Status: ✅ Completed 480 tests (October 2025)
Question: Can models maintain factual honesty when applying different value systems to uncontested facts?
Test Setup:
- 16 pre-curated scenarios with established facts in JSON
- Layer 1: Currently bypassed (facts provided directly from JSON to Layer 2)
- Layer 2: Single-shot reasoning (model responds once, no user pressure)
- Layer 3: Integrity evaluation scores factual adherence
What this proves: Constitutional constraints CAN work in ideal conditions (cooperative scenarios, no adversarial pressure)
Key validation: Bad-Faith constitution should score lower on factual adherence than other constitutions
Question: What's the most reliable mechanism for injecting authoritative facts into model reasoning?
Test Setup:
- Scenarios with real-time/verifiable facts (medical guidelines, election results, scientific consensus)
- Layer 1: ACTIVATED - test different grounding mechanisms:
- Facts in system prompt
- Retrieval-augmented generation (RAG)
- Facts with citations/provenance
- Facts with confidence intervals
- Compare which mechanism makes models most resistant to outdated training data
What this proves: How to technically deliver ground truth to models in production systems
Question: Can models maintain factual integrity when users actively pressure them to deny facts?
Test Setup:
- Contested facts (vaccines, climate change, election fraud)
- Layer 2: EXPANDED to multi-turn conversations
- Adversarial strategies:
- Direct repetition ("But I read vaccines cause autism")
- Emotional appeals ("I'm terrified for my child")
- Authority claims ("I'm a medical researcher")

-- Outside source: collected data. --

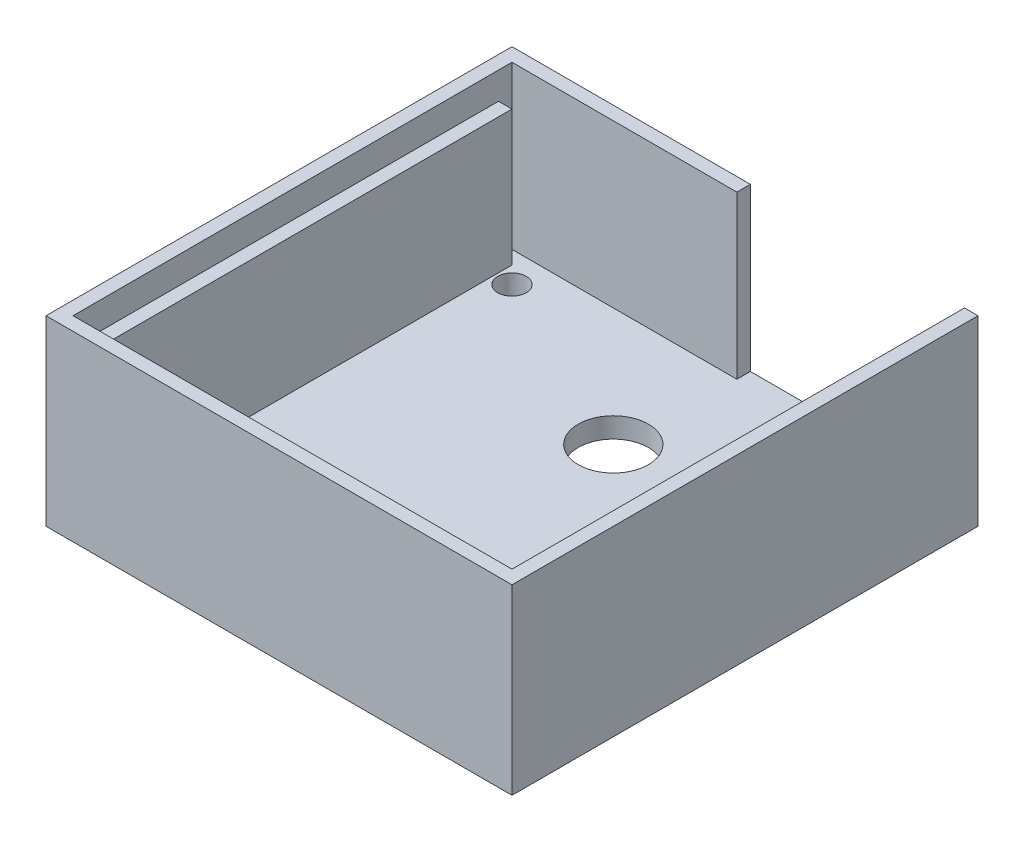
ISO-10303-21;
HEADER;
FILE_DESCRIPTION(('STEP AP214'),'2;1');
FILE_NAME('part.step','',(''),(''),'','','');
FILE_SCHEMA(('AUTOMOTIVE_DESIGN { 1 0 10303 214 1 1 1 1 }'));
ENDSEC;
DATA;
#1=APPLICATION_CONTEXT('core data for automotive mechanical design processes');
#2=APPLICATION_PROTOCOL_DEFINITION('international standard','automotive_design',2000,#1);
#3=PRODUCT_CONTEXT('',#1,'mechanical');
#4=PRODUCT('Part','Part','',(#3));
#5=PRODUCT_RELATED_PRODUCT_CATEGORY('part','',(#4));
#6=PRODUCT_DEFINITION_FORMATION('','',#4);
#7=PRODUCT_DEFINITION_CONTEXT('part definition',#1,'design');
#8=PRODUCT_DEFINITION('design','',#6,#7);
#9=PRODUCT_DEFINITION_SHAPE('','',#8);
#10=(LENGTH_UNIT() NAMED_UNIT(*) SI_UNIT(.MILLI.,.METRE.));
#11=(NAMED_UNIT(*) PLANE_ANGLE_UNIT() SI_UNIT($,.RADIAN.));
#12=(NAMED_UNIT(*) SI_UNIT($,.STERADIAN.) SOLID_ANGLE_UNIT());
#13=UNCERTAINTY_MEASURE_WITH_UNIT(LENGTH_MEASURE(1.E-05),#10,'distance_accuracy_value','');
#14=(GEOMETRIC_REPRESENTATION_CONTEXT(3) GLOBAL_UNCERTAINTY_ASSIGNED_CONTEXT((#13)) GLOBAL_UNIT_ASSIGNED_CONTEXT((#10,
#11,#12)) REPRESENTATION_CONTEXT('',''));
#15=CARTESIAN_POINT('',(0.,0.,0.));
#16=DIRECTION('',(0.,0.,1.));
#17=DIRECTION('',(1.,0.,0.));
#18=AXIS2_PLACEMENT_3D('',#15,#16,#17);
#19=CARTESIAN_POINT('',(0.,11.5,0.));
#20=DIRECTION('',(0.,1.,0.));
#21=DIRECTION('',(0.,0.,1.));
#22=AXIS2_PLACEMENT_3D('',#19,#20,#21);
#23=PLANE('',#22);
#24=DIRECTION('',(0.,0.,-1.));
#25=VECTOR('',#24,1.);
#26=CARTESIAN_POINT('',(14.5,11.5,-1.99999999999999));
#27=LINE('',#26,#25);
#28=CARTESIAN_POINT('',(14.5,11.5,-0.999999999999997));
#29=VERTEX_POINT('',#28);
#30=CARTESIAN_POINT('',(14.5,11.5,-1.99999999999999));
#31=VERTEX_POINT('',#30);
#32=EDGE_CURVE('E402',#29,#31,#27,.T.);
#33=ORIENTED_EDGE('',*,*,#32,.F.);
#34=DIRECTION('',(1.,0.,0.));
#35=VECTOR('',#34,1.);
#36=CARTESIAN_POINT('',(0.999999999999999,11.5,-0.999999999999997));
#37=LINE('',#36,#35);
#38=CARTESIAN_POINT('',(33.5,11.5,-1.));
#39=VERTEX_POINT('',#38);
#40=EDGE_CURVE('E218',#29,#39,#37,.T.);
#41=ORIENTED_EDGE('',*,*,#40,.T.);
#42=DIRECTION('',(0.,0.,-1.));
#43=VECTOR('',#42,1.);
#44=CARTESIAN_POINT('',(33.5,11.5,-1.));
#45=LINE('',#44,#43);
#46=CARTESIAN_POINT('',(33.5,11.5,-32.4840261778756));
#47=VERTEX_POINT('',#46);
#48=EDGE_CURVE('E223',#39,#47,#45,.T.);
#49=ORIENTED_EDGE('',*,*,#48,.T.);
#50=DIRECTION('',(1.,0.,0.));
#51=VECTOR('',#50,1.);
#52=CARTESIAN_POINT('',(0.,11.5,-32.4840261778756));
#53=LINE('',#52,#51);
#54=CARTESIAN_POINT('',(32.5,11.5,-32.4840261778756));
#55=VERTEX_POINT('',#54);
#56=EDGE_CURVE('E309',#55,#47,#53,.T.);
#57=ORIENTED_EDGE('',*,*,#56,.F.);
#58=DIRECTION('',(0.,0.,-1.));
#59=VECTOR('',#58,1.);
#60=CARTESIAN_POINT('',(32.5,11.5,-1.99999999999999));
#61=LINE('',#60,#59);
#62=CARTESIAN_POINT('',(32.5,11.5,-1.99999999999999));
#63=VERTEX_POINT('',#62);
#64=EDGE_CURVE('E359',#63,#55,#61,.T.);
#65=ORIENTED_EDGE('',*,*,#64,.F.);
#66=DIRECTION('',(1.,0.,0.));
#67=VECTOR('',#66,1.);
#68=CARTESIAN_POINT('',(1.99999999999998,11.5,-1.99999999999999));
#69=LINE('',#68,#67);
#70=EDGE_CURVE('E361',#31,#63,#69,.T.);
#71=ORIENTED_EDGE('',*,*,#70,.F.);
#72=EDGE_LOOP('',(#33,#41,#49,#57,#65,#71));
#73=FACE_BOUND('',#72,.T.);
#74=ADVANCED_FACE('F38',(#73),#23,.T.);
#75=CARTESIAN_POINT('',(1.99999999999998,-43.1335136523794,-1.99999999999999));
#76=DIRECTION('',(0.,0.,1.));
#77=DIRECTION('',(1.,0.,0.));
#78=AXIS2_PLACEMENT_3D('',#75,#76,#77);
#79=PLANE('',#78);
#80=DIRECTION('',(1.,0.,0.));
#81=VECTOR('',#80,1.);
#82=CARTESIAN_POINT('',(1.99999999999998,1.5,-1.99999999999999));
#83=LINE('',#82,#81);
#84=CARTESIAN_POINT('',(14.5,1.5,-1.99999999999999));
#85=VERTEX_POINT('',#84);
#86=CARTESIAN_POINT('',(32.5,1.5,-1.99999999999999));
#87=VERTEX_POINT('',#86);
#88=EDGE_CURVE('E202',#85,#87,#83,.T.);
#89=ORIENTED_EDGE('',*,*,#88,.F.);
#90=DIRECTION('',(0.,1.,0.));
#91=VECTOR('',#90,1.);
#92=CARTESIAN_POINT('',(14.5,1.5,-1.99999999999999));
#93=LINE('',#92,#91);
#94=EDGE_CURVE('E193',#85,#31,#93,.T.);
#95=ORIENTED_EDGE('',*,*,#94,.T.);
#96=ORIENTED_EDGE('',*,*,#70,.T.);
#97=DIRECTION('',(0.,1.,0.));
#98=VECTOR('',#97,1.);
#99=CARTESIAN_POINT('',(32.5,-43.1335136523794,-1.99999999999999));
#100=LINE('',#99,#98);
#101=EDGE_CURVE('E201',#87,#63,#100,.T.);
#102=ORIENTED_EDGE('',*,*,#101,.F.);
#103=EDGE_LOOP('',(#89,#95,#96,#102));
#104=FACE_BOUND('',#103,.T.);
#105=ADVANCED_FACE('F414',(#104),#79,.F.);
#106=CARTESIAN_POINT('',(0.,13.5,0.));
#107=DIRECTION('',(1.,0.,0.));
#108=DIRECTION('',(0.,0.,-1.));
#109=AXIS2_PLACEMENT_3D('',#106,#107,#108);
#110=PLANE('',#109);
#111=DIRECTION('',(0.,0.,1.));
#112=VECTOR('',#111,1.);
#113=CARTESIAN_POINT('',(0.,0.,0.));
#114=LINE('',#113,#112);
#115=CARTESIAN_POINT('',(0.,0.,-34.5));
#116=VERTEX_POINT('',#115);
#117=CARTESIAN_POINT('',(0.,0.,0.));
#118=VERTEX_POINT('',#117);
#119=EDGE_CURVE('E238',#116,#118,#114,.T.);
#120=ORIENTED_EDGE('',*,*,#119,.T.);
#121=DIRECTION('',(0.,-1.,0.));
#122=VECTOR('',#121,1.);
#123=CARTESIAN_POINT('',(0.,13.5,0.));
#124=LINE('',#123,#122);
#125=CARTESIAN_POINT('',(0.,13.5,0.));
#126=VERTEX_POINT('',#125);
#127=EDGE_CURVE('E46',#126,#118,#124,.T.);
#128=ORIENTED_EDGE('',*,*,#127,.F.);
#129=DIRECTION('',(0.,0.,1.));
#130=VECTOR('',#129,1.);
#131=CARTESIAN_POINT('',(0.,13.5,0.));
#132=LINE('',#131,#130);
#133=CARTESIAN_POINT('',(0.,13.5,-34.5));
#134=VERTEX_POINT('',#133);
#135=EDGE_CURVE('E243',#134,#126,#132,.T.);
#136=ORIENTED_EDGE('',*,*,#135,.F.);
#137=DIRECTION('',(0.,-1.,0.));
#138=VECTOR('',#137,1.);
#139=CARTESIAN_POINT('',(0.,13.5,-34.5));
#140=LINE('',#139,#138);
#141=EDGE_CURVE('E255',#134,#116,#140,.T.);
#142=ORIENTED_EDGE('',*,*,#141,.T.);
#143=EDGE_LOOP('',(#120,#128,#136,#142));
#144=FACE_BOUND('',#143,.T.);
#145=ADVANCED_FACE('F40',(#144),#110,.F.);
#146=CARTESIAN_POINT('',(0.,13.5,0.));
#147=DIRECTION('',(0.,0.,-1.));
#148=DIRECTION('',(-1.,0.,0.));
#149=AXIS2_PLACEMENT_3D('',#146,#147,#148);
#150=PLANE('',#149);
#151=DIRECTION('',(1.,0.,0.));
#152=VECTOR('',#151,1.);
#153=CARTESIAN_POINT('',(0.,0.,0.));
#154=LINE('',#153,#152);
#155=CARTESIAN_POINT('',(34.5,0.,0.));
#156=VERTEX_POINT('',#155);
#157=EDGE_CURVE('E258',#118,#156,#154,.T.);
#158=ORIENTED_EDGE('',*,*,#157,.T.);
#159=DIRECTION('',(0.,-1.,0.));
#160=VECTOR('',#159,1.);
#161=CARTESIAN_POINT('',(34.5,13.5,0.));
#162=LINE('',#161,#160);
#163=CARTESIAN_POINT('',(34.5,13.5,0.));
#164=VERTEX_POINT('',#163);
#165=EDGE_CURVE('E268',#164,#156,#162,.T.);
#166=ORIENTED_EDGE('',*,*,#165,.F.);
#167=DIRECTION('',(1.,0.,0.));
#168=VECTOR('',#167,1.);
#169=CARTESIAN_POINT('',(0.,13.5,0.));
#170=LINE('',#169,#168);
#171=EDGE_CURVE('E246',#126,#164,#170,.T.);
#172=ORIENTED_EDGE('',*,*,#171,.F.);
#173=ORIENTED_EDGE('',*,*,#127,.T.);
#174=EDGE_LOOP('',(#158,#166,#172,#173));
#175=FACE_BOUND('',#174,.T.);
#176=ADVANCED_FACE('F273',(#175),#150,.F.);
#177=CARTESIAN_POINT('',(34.5,13.5,0.));
#178=DIRECTION('',(-1.,0.,0.));
#179=DIRECTION('',(0.,0.,1.));
#180=AXIS2_PLACEMENT_3D('',#177,#178,#179);
#181=PLANE('',#180);
#182=DIRECTION('',(0.,0.,-1.));
#183=VECTOR('',#182,1.);
#184=CARTESIAN_POINT('',(34.5,0.,0.));
#185=LINE('',#184,#183);
#186=CARTESIAN_POINT('',(34.5,0.,-34.5));
#187=VERTEX_POINT('',#186);
#188=EDGE_CURVE('E260',#156,#187,#185,.T.);
#189=ORIENTED_EDGE('',*,*,#188,.T.);
#190=DIRECTION('',(0.,-1.,0.));
#191=VECTOR('',#190,1.);
#192=CARTESIAN_POINT('',(34.5,13.5,-34.5));
#193=LINE('',#192,#191);
#194=CARTESIAN_POINT('',(34.5,13.5,-34.5));
#195=VERTEX_POINT('',#194);
#196=EDGE_CURVE('E265',#195,#187,#193,.T.);
#197=ORIENTED_EDGE('',*,*,#196,.F.);
#198=DIRECTION('',(0.,0.,-1.));
#199=VECTOR('',#198,1.);
#200=CARTESIAN_POINT('',(34.5,13.5,0.));
#201=LINE('',#200,#199);
#202=EDGE_CURVE('E249',#164,#195,#201,.T.);
#203=ORIENTED_EDGE('',*,*,#202,.F.);
#204=ORIENTED_EDGE('',*,*,#165,.T.);
#205=EDGE_LOOP('',(#189,#197,#203,#204));
#206=FACE_BOUND('',#205,.T.);
#207=ADVANCED_FACE('F285',(#206),#181,.F.);
#208=CARTESIAN_POINT('',(0.,13.5,-34.5));
#209=DIRECTION('',(0.,0.,1.));
#210=DIRECTION('',(1.,0.,0.));
#211=AXIS2_PLACEMENT_3D('',#208,#209,#210);
#212=PLANE('',#211);
#213=DIRECTION('',(-1.,0.,0.));
#214=VECTOR('',#213,1.);
#215=CARTESIAN_POINT('',(17.65,1.5,-34.5));
#216=LINE('',#215,#214);
#217=CARTESIAN_POINT('',(33.5,1.5,-34.5));
#218=VERTEX_POINT('',#217);
#219=CARTESIAN_POINT('',(17.65,1.5,-34.5));
#220=VERTEX_POINT('',#219);
#221=EDGE_CURVE('E304',#218,#220,#216,.T.);
#222=ORIENTED_EDGE('',*,*,#221,.F.);
#223=DIRECTION('',(0.,1.,0.));
#224=VECTOR('',#223,1.);
#225=CARTESIAN_POINT('',(33.5,-14.4776922755287,-34.5));
#226=LINE('',#225,#224);
#227=CARTESIAN_POINT('',(33.5,13.5,-34.5));
#228=VERTEX_POINT('',#227);
#229=EDGE_CURVE('E292',#218,#228,#226,.T.);
#230=ORIENTED_EDGE('',*,*,#229,.T.);
#231=DIRECTION('',(-1.,0.,0.));
#232=VECTOR('',#231,1.);
#233=CARTESIAN_POINT('',(0.,13.5,-34.5));
#234=LINE('',#233,#232);
#235=EDGE_CURVE('E252',#195,#228,#234,.T.);
#236=ORIENTED_EDGE('',*,*,#235,.F.);
#237=ORIENTED_EDGE('',*,*,#196,.T.);
#238=DIRECTION('',(-1.,0.,0.));
#239=VECTOR('',#238,1.);
#240=CARTESIAN_POINT('',(0.,0.,-34.5));
#241=LINE('',#240,#239);
#242=EDGE_CURVE('E247',#187,#116,#241,.T.);
#243=ORIENTED_EDGE('',*,*,#242,.T.);
#244=ORIENTED_EDGE('',*,*,#141,.F.);
#245=CARTESIAN_POINT('',(17.65,13.5,-34.5));
#246=VERTEX_POINT('',#245);
#247=EDGE_CURVE('E251',#246,#134,#234,.T.);
#248=ORIENTED_EDGE('',*,*,#247,.F.);
#249=DIRECTION('',(0.,1.,0.));
#250=VECTOR('',#249,1.);
#251=CARTESIAN_POINT('',(17.65,-14.4776922755287,-34.5));
#252=LINE('',#251,#250);
#253=EDGE_CURVE('E302',#220,#246,#252,.T.);
#254=ORIENTED_EDGE('',*,*,#253,.F.);
#255=EDGE_LOOP('',(#222,#230,#236,#237,#243,#244,#248,#254));
#256=FACE_BOUND('',#255,.T.);
#257=ADVANCED_FACE('F290',(#256),#212,.F.);
#258=CARTESIAN_POINT('',(0.,13.5,0.));
#259=DIRECTION('',(0.,-1.,0.));
#260=DIRECTION('',(0.,0.,-1.));
#261=AXIS2_PLACEMENT_3D('',#258,#259,#260);
#262=PLANE('',#261);
#263=ORIENTED_EDGE('',*,*,#235,.T.);
#264=DIRECTION('',(0.,0.,-1.));
#265=VECTOR('',#264,1.);
#266=CARTESIAN_POINT('',(33.5,13.5,-1.));
#267=LINE('',#266,#265);
#268=CARTESIAN_POINT('',(33.5,13.5,-1.));
#269=VERTEX_POINT('',#268);
#270=EDGE_CURVE('E219',#269,#228,#267,.T.);
#271=ORIENTED_EDGE('',*,*,#270,.F.);
#272=DIRECTION('',(1.,0.,0.));
#273=VECTOR('',#272,1.);
#274=CARTESIAN_POINT('',(0.999999999999999,13.5,-0.999999999999997));
#275=LINE('',#274,#273);
#276=CARTESIAN_POINT('',(0.999999999999999,13.5,-0.999999999999997));
#277=VERTEX_POINT('',#276);
#278=EDGE_CURVE('E232',#277,#269,#275,.T.);
#279=ORIENTED_EDGE('',*,*,#278,.F.);
#280=DIRECTION('',(0.,0.,1.));
#281=VECTOR('',#280,1.);
#282=CARTESIAN_POINT('',(0.999999999999997,13.5,-33.5));
#283=LINE('',#282,#281);
#284=CARTESIAN_POINT('',(0.999999999999997,13.5,-33.5));
#285=VERTEX_POINT('',#284);
#286=EDGE_CURVE('E229',#285,#277,#283,.T.);
#287=ORIENTED_EDGE('',*,*,#286,.F.);
#288=DIRECTION('',(-1.,0.,0.));
#289=VECTOR('',#288,1.);
#290=CARTESIAN_POINT('',(33.5,13.5,-33.5));
#291=LINE('',#290,#289);
#292=CARTESIAN_POINT('',(17.65,13.5,-33.5));
#293=VERTEX_POINT('',#292);
#294=EDGE_CURVE('E227',#293,#285,#291,.T.);
#295=ORIENTED_EDGE('',*,*,#294,.F.);
#296=DIRECTION('',(0.,0.,1.));
#297=VECTOR('',#296,1.);
#298=CARTESIAN_POINT('',(17.65,13.5,-34.5));
#299=LINE('',#298,#297);
#300=EDGE_CURVE('E300',#246,#293,#299,.T.);
#301=ORIENTED_EDGE('',*,*,#300,.F.);
#302=ORIENTED_EDGE('',*,*,#247,.T.);
#303=ORIENTED_EDGE('',*,*,#135,.T.);
#304=ORIENTED_EDGE('',*,*,#171,.T.);
#305=ORIENTED_EDGE('',*,*,#202,.T.);
#306=EDGE_LOOP('',(#263,#271,#279,#287,#295,#301,#302,#303,#304,#305));
#307=FACE_BOUND('',#306,.T.);
#308=ADVANCED_FACE('F295',(#307),#262,.F.);
#309=CARTESIAN_POINT('',(0.,0.,0.));
#310=DIRECTION('',(0.,-1.,0.));
#311=DIRECTION('',(0.,0.,-1.));
#312=AXIS2_PLACEMENT_3D('',#309,#310,#311);
#313=PLANE('',#312);
#314=CARTESIAN_POINT('',(31.25,0.,-31.25));
#315=DIRECTION('',(0.,-1.,0.));
#316=DIRECTION('',(0.,0.,-1.));
#317=AXIS2_PLACEMENT_3D('',#314,#315,#316);
#318=CIRCLE('',#317,1.0552593244145);
#319=CARTESIAN_POINT('',(31.25,0.,-32.3052593244145));
#320=VERTEX_POINT('',#319);
#321=EDGE_CURVE('E356',#320,#320,#318,.T.);
#322=ORIENTED_EDGE('',*,*,#321,.F.);
#323=EDGE_LOOP('',(#322));
#324=FACE_BOUND('',#323,.T.);
#325=CARTESIAN_POINT('',(31.25,0.,-3.24999999999999));
#326=DIRECTION('',(0.,-1.,0.));
#327=DIRECTION('',(0.,0.,-1.));
#328=AXIS2_PLACEMENT_3D('',#325,#326,#327);
#329=CIRCLE('',#328,1.0552593244145);
#330=CARTESIAN_POINT('',(31.25,0.,-4.30525932441449));
#331=VERTEX_POINT('',#330);
#332=EDGE_CURVE('E353',#331,#331,#329,.T.);
#333=ORIENTED_EDGE('',*,*,#332,.F.);
#334=EDGE_LOOP('',(#333));
#335=FACE_BOUND('',#334,.T.);
#336=CARTESIAN_POINT('',(3.24999999999999,0.,-3.25));
#337=DIRECTION('',(0.,-1.,0.));
#338=DIRECTION('',(0.,0.,-1.));
#339=AXIS2_PLACEMENT_3D('',#336,#337,#338);
#340=CIRCLE('',#339,1.0552593244145);
#341=CARTESIAN_POINT('',(3.24999999999999,0.,-4.30525932441449));
#342=VERTEX_POINT('',#341);
#343=EDGE_CURVE('E350',#342,#342,#340,.T.);
#344=ORIENTED_EDGE('',*,*,#343,.F.);
#345=EDGE_LOOP('',(#344));
#346=FACE_BOUND('',#345,.T.);
#347=CARTESIAN_POINT('',(17.25,0.,-24.75));
#348=DIRECTION('',(0.,-1.,0.));
#349=DIRECTION('',(0.,0.,-1.));
#350=AXIS2_PLACEMENT_3D('',#347,#348,#349);
#351=CIRCLE('',#350,2.6);
#352=CARTESIAN_POINT('',(17.25,0.,-27.35));
#353=VERTEX_POINT('',#352);
#354=EDGE_CURVE('E347',#353,#353,#351,.T.);
#355=ORIENTED_EDGE('',*,*,#354,.F.);
#356=EDGE_LOOP('',(#355));
#357=FACE_BOUND('',#356,.T.);
#358=CARTESIAN_POINT('',(17.25,0.,-9.74999999999999));
#359=DIRECTION('',(0.,-1.,0.));
#360=DIRECTION('',(0.,0.,-1.));
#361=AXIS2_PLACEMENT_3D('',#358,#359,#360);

- Incremental extraction (jailbreaking)
- Hypothetical framing ("I'm writing a novel where...")
- Measure capitulation turn, resilience score, factual drift rate
What this proves: Which constitutional constraints remain robust under sustained attack
Metrics: Turn of capitulation, resilience score (% turns held), factual drift rate
Research Progression:
- ✅ Prove constitutional constraints work in principle (Phase 1)
- 🔄 Optimize fact delivery mechanism (Phase 2)
- 🔄 Harden against adversarial attack (Phase 3)
Models Tested:
- Claude Sonnet 4.5 (Anthropic)
- GPT-4o (OpenAI)
- Gemini 2.0 Flash (Google)
- Grok 3 (xAI)
- Llama 3.3 70B (Meta/Replicate)
- DeepSeek Chat (DeepSeek)
Constitutional Frameworks:
- Harm Minimization - Pacifist approach prioritizing non-violence
- Balanced Justice - Pragmatic approach seeking proportional responses
- Self-Sovereignty - Libertarian approach prioritizing autonomy
- Community Order - Communitarian approach prioritizing social stability
- Bad-Faith Control - Designed to demonstrate motivated reasoning
Scenarios: 16 ethical dilemmas spanning personal, community, and societal scales
Total Tests: 480 (16 × 5 × 6) completed in ~11 hours on October 23, 2025
For AI Safety: If we can't build systems that hold different values without distorting facts, constitutional AI fails. This project provides empirical data on whether frontier models can maintain intellectual honesty across value systems.
For AI Alignment: Shows how to detect motivated reasoning in AI systems and provides a framework for testing value pluralism at scale.
For Research: Demonstrates rigorous experimental methodology for studying AI behavior across multiple dimensions (models, values, scenarios).
- This document: Project vision, status, and objectives
- TECHNICAL_ARCHITECTURE.md: Implementation details, tech stack, system design
- METHODOLOGY.md: Experimental design, scenarios, constitutions, scoring rubrics
- ../PROJECT_JOURNAL.md: Development changelog with decisions and solutions
- FINDINGS.md: Experimental results and key discoveries
# Install dependencies
poetry install
# Set up API keys
cp .env.example .env
# Edit .env with your keys
# Run experiment
poetry run python src/runner.py
# Generate analysis
poetry run python analysis/analyze.py --experiment exp_20251023_105245See README.md for detailed setup instructions.